And what was the purpose of this statement?


----------



## MarcATL (Aug 30, 2010)

Luissa said:


> I don't think Beck can bring America together. When he stops spewing hate, I will listen to him.


u r brave.



Article 15 said:


> President Obama has "a deep seeded hatred of white people or white culture." - glennbeck
> 
> "I'm not saying he (Pres. Obama) doesn't like white people.  He has a problem.  This guy, I believe, is a racist."  - glennbeck, 30 seconds later
> 
> ...


Glenn Beck is the biggest race hustler in American history.



ABikerSailor said:


> The amount of partisan crap spewing idiocy that YOU have is beyond measure Liberty.
> 
> You are one of the more stupid fucks on here, and as far as your screwed up poll, it, like FAUX Noise, is slanted definitely in support of the right with NO OPPOSING VIEWS.
> 
> Slanted polls, slanted rhetoric, and listening to Beck.  No wonder you're so stupid.


Its the RepubliCON way.



Greenbeard said:


> Liberty said:
> 
> 
> > see poll
> ...


Homey has a mancrush on the mangina Beck.



Coloradomtnman said:


> I think there was some positive things that occurred as a result of the rally that Glenn Beck held.  But, and overwhelmingly, what was negative about it is Glenn Beck's agenda of theocracy or, if not Christian theocracy, then Christianity as the first among all other religions or the official religion in a country of religious freedom.  For people who don't believe, like me, its a threat.  Christianity, by its very nature, is a way of life pushed onto others by those who believe.  Many Christians believe, judge and treat those who don't believe as inferior.  Its a step in the direction of religious intolerance.  We already see it with the nontroversy of the "Ground Zero" Islamic community center.  Religious intolerance.  The very thing the Pilgrims came here to escape.  It kills me that the Right wants to strictly keep the principles of the Founding Fathers except religious tolerance, one of the most important tenets of the Constitution and the philosophy behind the founding of this country.
> 
> I also think that this was something that Beck used to benefit his career, his cult of personality, and, in the long run, his financial gain.  I applaud someone standing up for his or her beliefs, hell, I did when I enlisted in the USMC.  I don't think Glenn Beck is a bad person, but I think what he does negatively effects those who aren't part of his cult or the Christian Right.


Spot on!


----------



## Wicked Jester (Sep 1, 2010)

ABikerSailor said:


> The T said:
> 
> 
> > ABikerSailor said:
> ...


One term or several terms, it really doesn't matter. Serving is serving.

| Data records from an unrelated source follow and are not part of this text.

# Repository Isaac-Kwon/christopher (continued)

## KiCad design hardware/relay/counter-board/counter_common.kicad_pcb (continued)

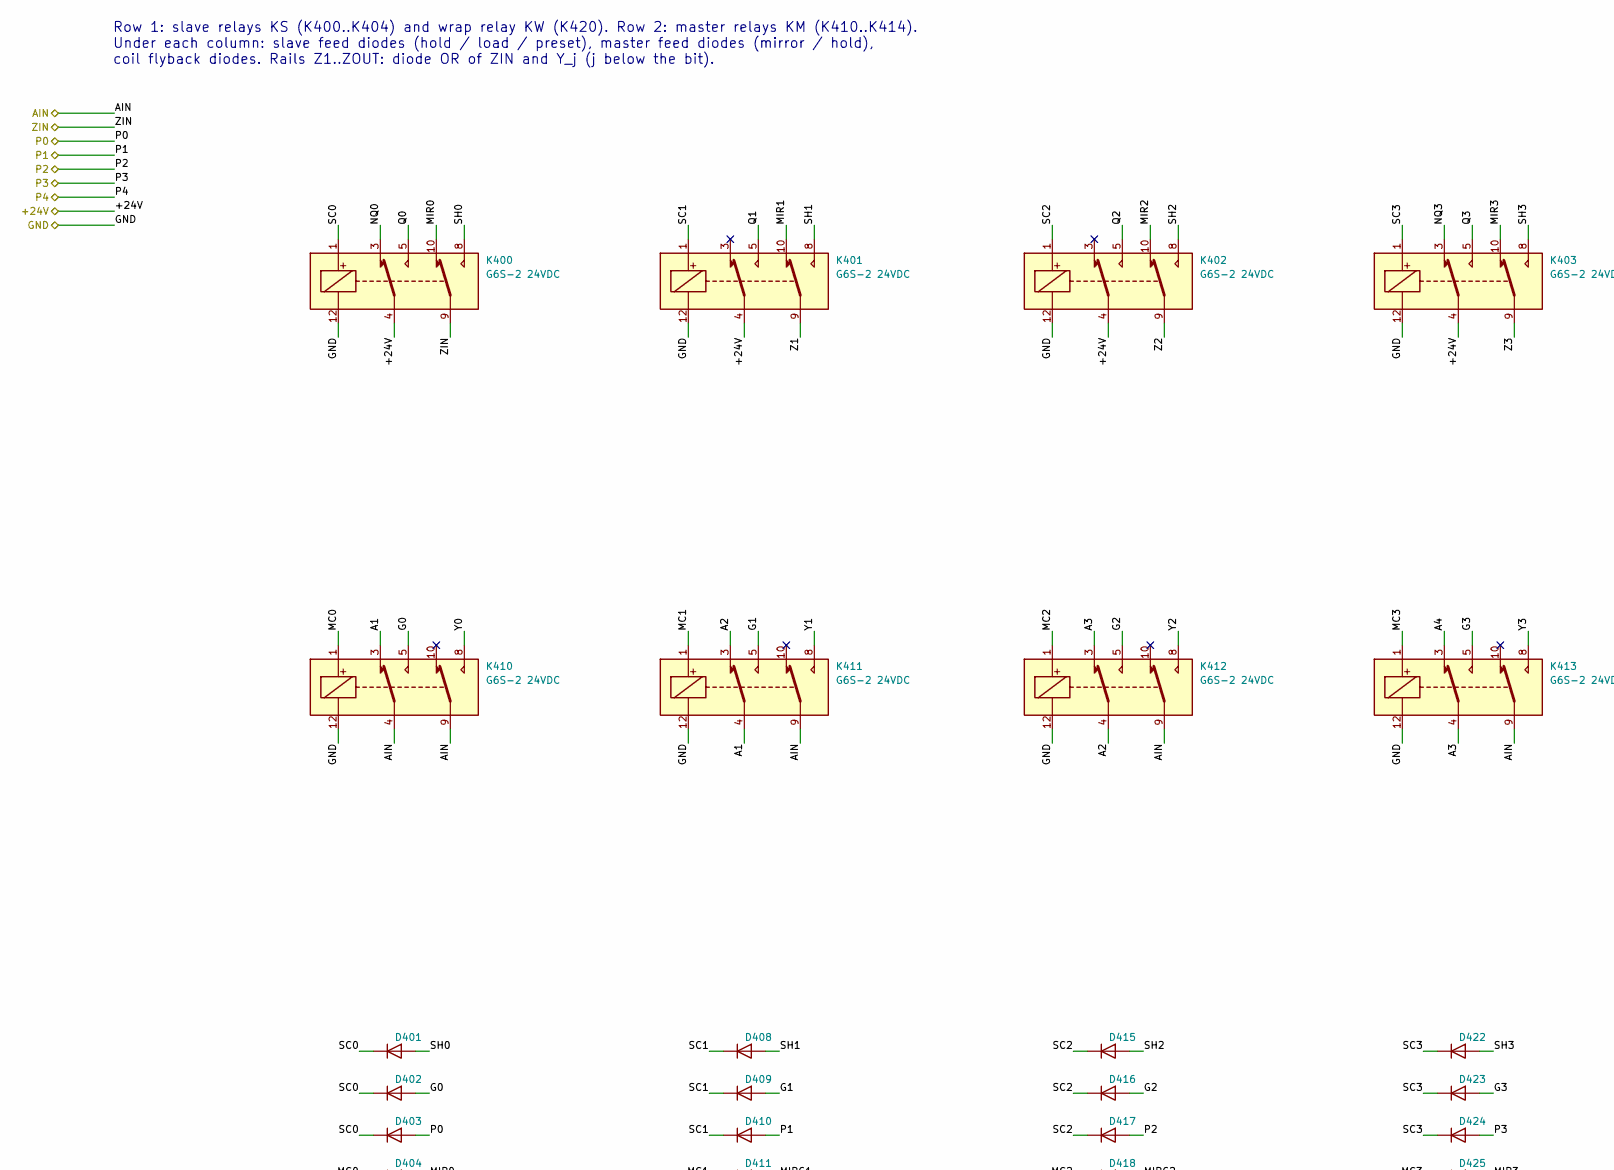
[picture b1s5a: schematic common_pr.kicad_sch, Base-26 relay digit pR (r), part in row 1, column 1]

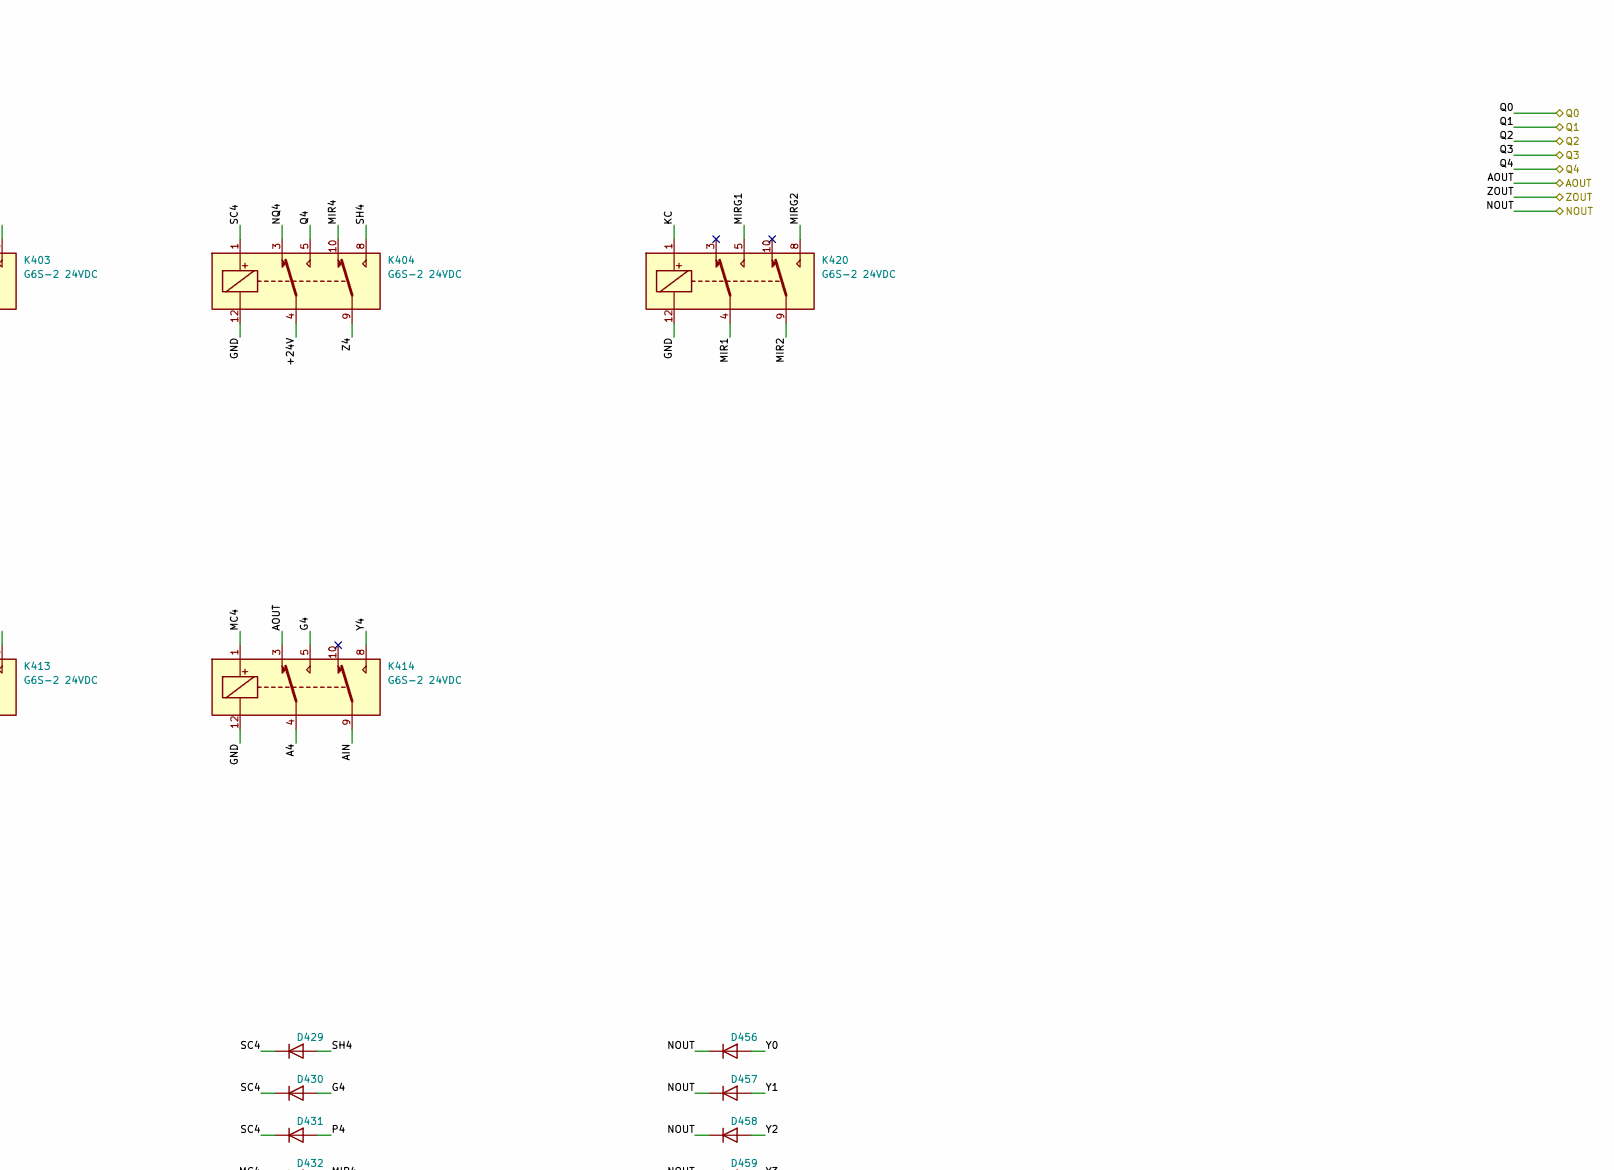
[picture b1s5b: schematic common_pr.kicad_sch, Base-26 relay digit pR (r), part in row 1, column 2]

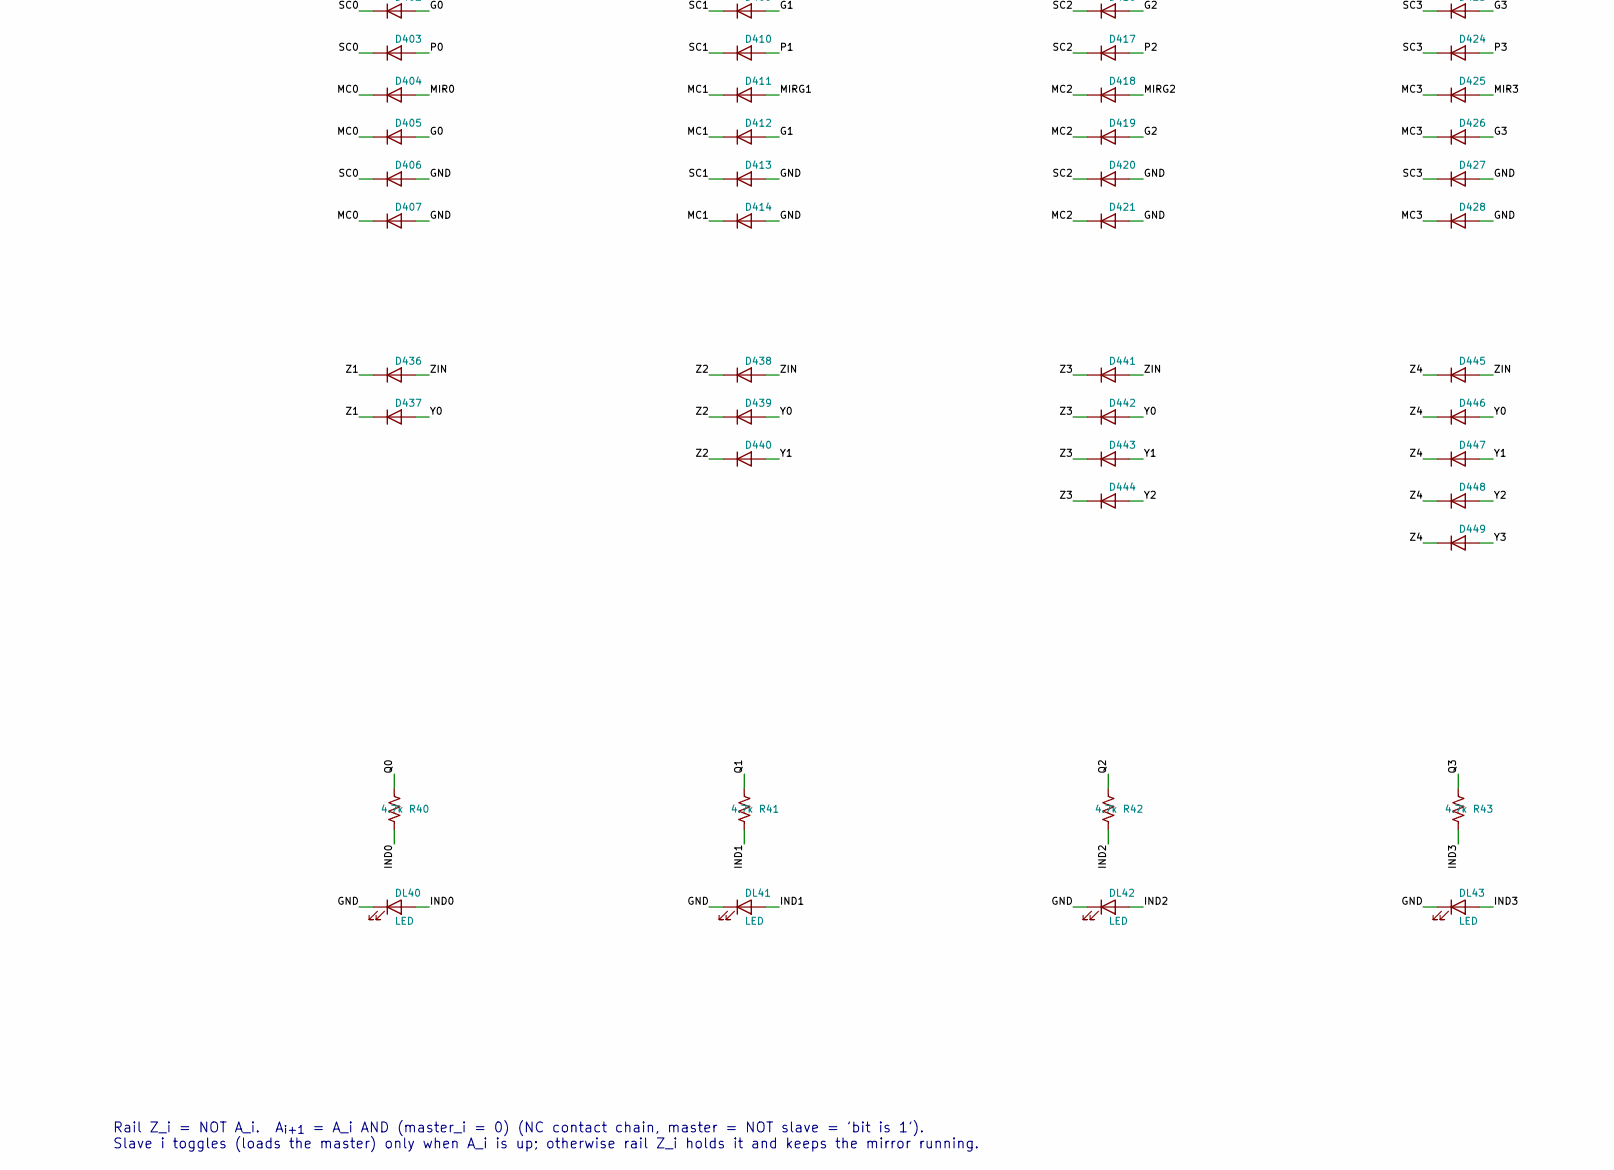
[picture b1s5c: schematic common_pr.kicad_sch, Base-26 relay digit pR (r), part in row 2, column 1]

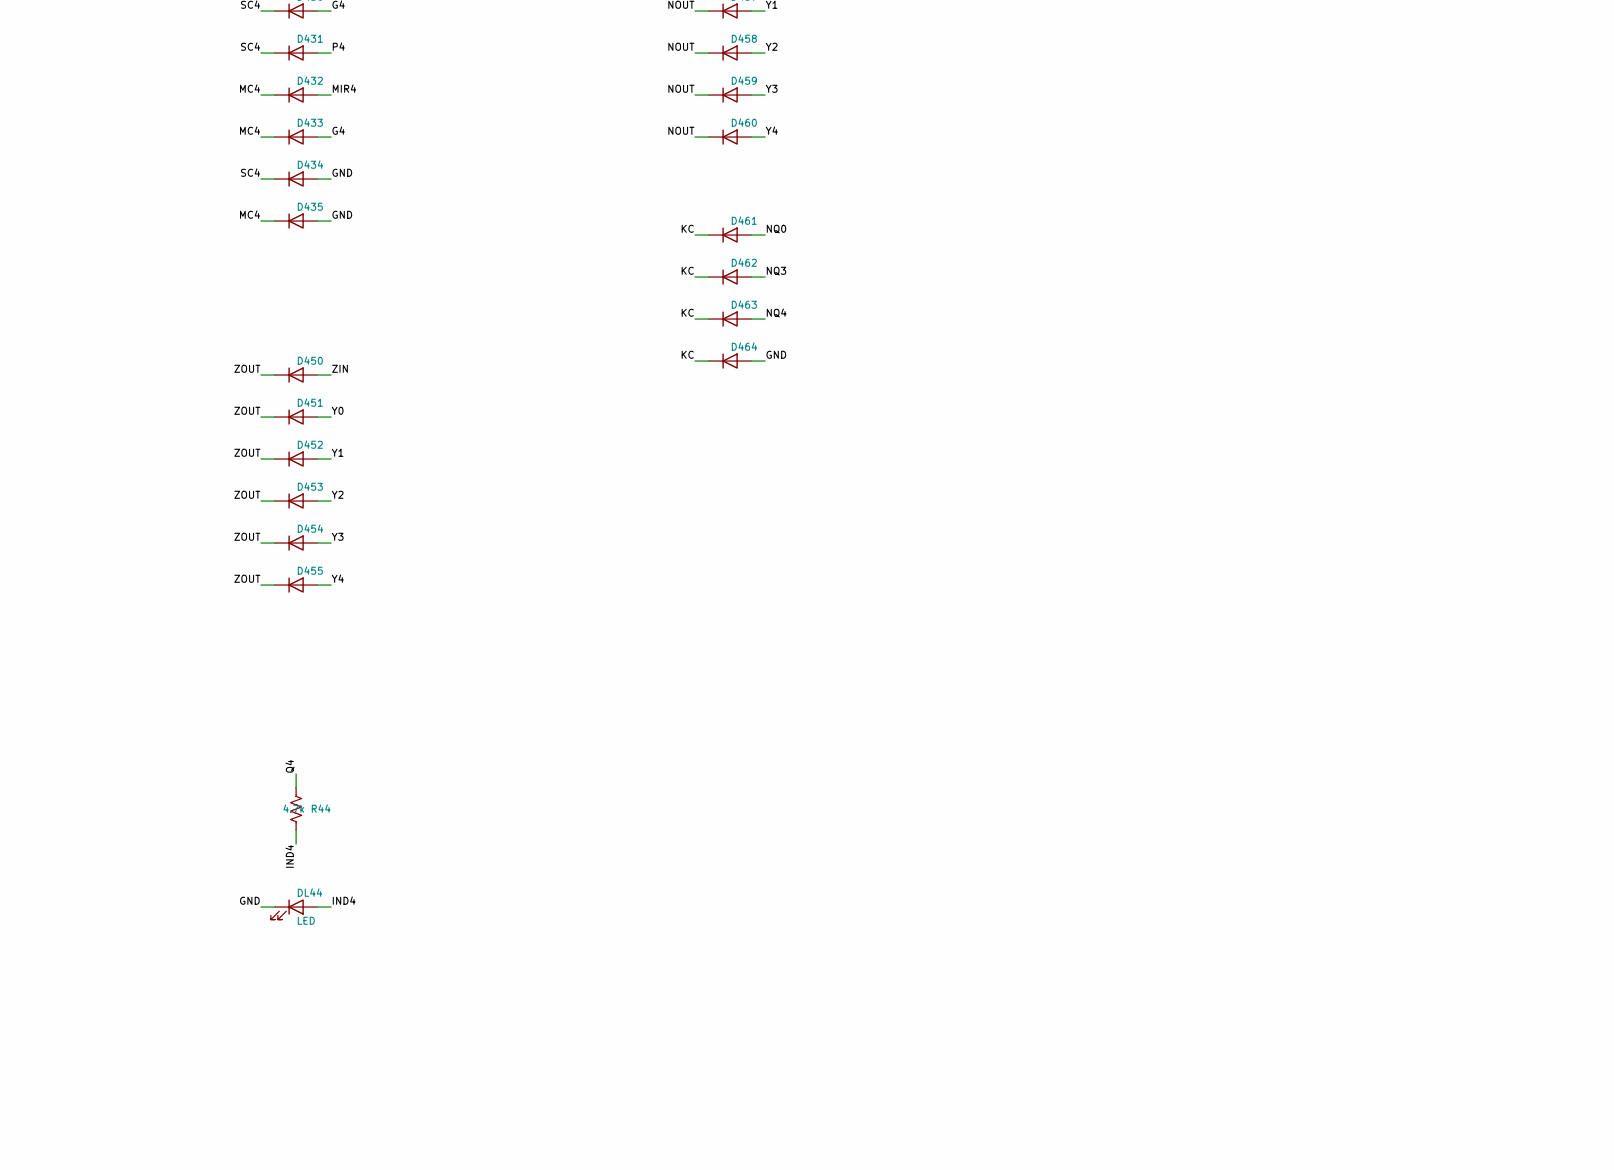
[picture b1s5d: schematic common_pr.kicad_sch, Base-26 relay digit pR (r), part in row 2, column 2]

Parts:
D401, D402, D403, D404, D405, D408, D409, D410, D411, D412, D415, D416, D417, D418, D419, D422, D423, D424, D425, D426, D429, D430, D431, D432, D433, D436, D437, D438, D439, D440, D441, D442, D443, D444, D445, D446, D447, D448, D449, D450, D451, D452, D453, D454, D455, D456, D457, D458, D459, D460, D461, D462, D463: 1N5819W; D_SOD-123
D406, D407, D413, D414, D420, D421, D427, D428, D434, D435, D464: 1N4148W; D_SOD-123
DL40, DL41, DL42, DL43, DL44: LED; LED_0603_1608Metric
K400, K401, K402, K403, K404, K410, K411, K412, K413, K414, K420: G6S-2 24VDC; Relay_DPDT_Omron_G6S-2
R40, R41, R42, R43, R44: 4.7k; R_0603_1608Metric

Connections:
/+24V: K400.4, K401.4, K402.4, K403.4, K404.4; also elsewhere on the board
/A1B: K410.4, K410.9, K411.9, K412.9, K413.9, K414.9; also elsewhere on the board
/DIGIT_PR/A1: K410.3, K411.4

Come on Biker, knock off attacking other posters service. T has just as much right to be proud as you or I.


----------



## NYcarbineer (Sep 1, 2010)

Beck is a phoney.  A con artist.  Why are you people falling for it?


----------



## JiggsCasey (Sep 1, 2010)

I've seen a lot of fail threads, but this one may trump all. Every poll response was a smarm-based con man talking point. Not an honest, balanced poll at all.

Glenn Beck is and effeminate, pretentious, dishonest windbag who cries fake tears like a grade school girl for dramatic affect. He's a fear-monger, who can't analyze data, and blames all the ills of the world on people "different" from him. He's hijacked the libertarian movement and mutated it into, essentially, a new name for conservativism. Sorta like how Blackwater had to change their name to Xe when the connotation became so dank and pungent.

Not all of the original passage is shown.